Noxious stimuli are transmitted by the peripheral nociceptors; these are known to transmit the signals of tissue damage to pain-processing centres in the brain. TRPV1 is involved in both afferent (sensation of pain) as well as efferent (release of neurotransmitters) functions which are experienced along with the burning sensation followed by vasodilation and sweating upon consumption of capsaicin. Thus, TRPV1 can mediate both pain and inflammation making it a very potent target for analgesics [15-17]. We have designed a molecule derived from the main chain of capsaicin and making changes to make it bind more efficiently to the TRPV1 receptor. In this study, we compared our molecule with capsaicin and similar established drugs like nonivamide, and zucapsaicin for binding efficiency and ADMET properties (Table 2,3).

In our studies, our molecule MS-3 reported the highest binding energy of -8.1 followed by zucapsaicin which was -7.1 then capsaicin (-6.3) and nonivamide (-6.1) (Figure 4). The binding pockets of all four interactions were compared and were found to be similar. Capsaicin was found to form stable interactions with polar uncharged amino acids like serine and threonine however interactions with charged amino acids like aspartic acid and arginine were also reported. In the case of nonivamide and zucapsaicin, a H-bond was formed between the OH group of the amide bond of capsaicin and Thr 439 of TRPV1. In the case of capsaicin and MS-3, one H-bond was reported between the OH- group on ring and Ser 401. Another H- bond in capsaicin formed between the amide nitrogen and Asp 398. In MS-3 another H-bond formed between 11th nitrogen and Arg 380 (Figure 5).

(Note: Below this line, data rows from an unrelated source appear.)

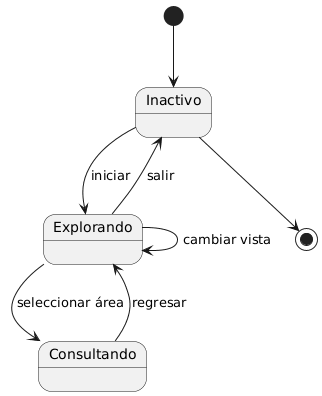

The diagram above was rendered by PlantUML. Its source (embedded in the PNG):
@startuml
[*] --> Inactivo

state Inactivo
state Explorando
state Consultando

Inactivo --> Explorando : iniciar
Explorando --> Inactivo : salir
Explorando --> Explorando : cambiar vista
Explorando --> Consultando : seleccionar área
Consultando --> Explorando : regresar

Inactivo --> [*]
@enduml

Capsaicin is known to activate TRPV1 by binding to a pocket formed by the channel’s transmembrane segments, where it takes a “tail-up, head-down” configuration as was found in our study Figure 5. Binding is found to be mediated by both H-bonds and van der Waals interactions. Upon binding, capsaicin interacts with the S4-S5 linker region and stabilizes the open state of the TRPV1 channel by the ‘pull and contact’ mechanism [18-21]. As for all molecules binding to the almost same pocket (Figure 6), they are supposed to activate TRPV1 with the same mechanism and bring about a similar physiological effect. With greater binding efficiency, MS-3 is expected to perform better than already existing drugs like zucapsaicin and nonivamide.

Further, we studied and compared these molecules for various pharmacological attributes. Starting with drug likeness similar results were seen for all four drugs. All of them qualified CMC-like rule and Lipinski’s rule of five, but could not qualify for the MDDR rule as they have only one ring (Table 1). ADME of all four molecules showed almost similar results, MS-3 showed higher water solubility and plasma protein binding. It also reported lower permeability to colorectal cells but higher permeability to colorectal cells directing towards its easy excretion. Neither of them was found to substrate or inhibitor of cytochrome P450 and hence will probably be unaffected by first-pass metabolism (Table 2). We also checked for toxicity using on PreADME server and all four drugs showed similar results except for MS-3 found to be positive in two years carcinogenicity bioassay in rats (Table 3), but as is molecule is proposed as an analgesic such long-term continuous consumption is not expected. As the molecule is in the early stage of development further studies and optimization can lead us to a more potent non-opioid painkiller.

Conclusion

With these studies, we can conclude that MS-3 ((6E) ‐N’‐(4‐hydroxy‐3‐methoxyphenyl)‐8‐methylnon‐6‐enehydrazide) is 10% more potent than other similar drugs in the market. It targets TRPV1 (Arg 380 and Ser401) with high affinity. Based on our in-silico ADMET studies it was found to show no significant adverse effects. Further optimization of the molecule as a novel analgesic based on binding to the TRPV1 receptor (Arg 380, Ser401) by an alternative strategy of in-silico assessment followed by in-vitro and in-vivo studies can lead us to a novel highly effective analgesic drug.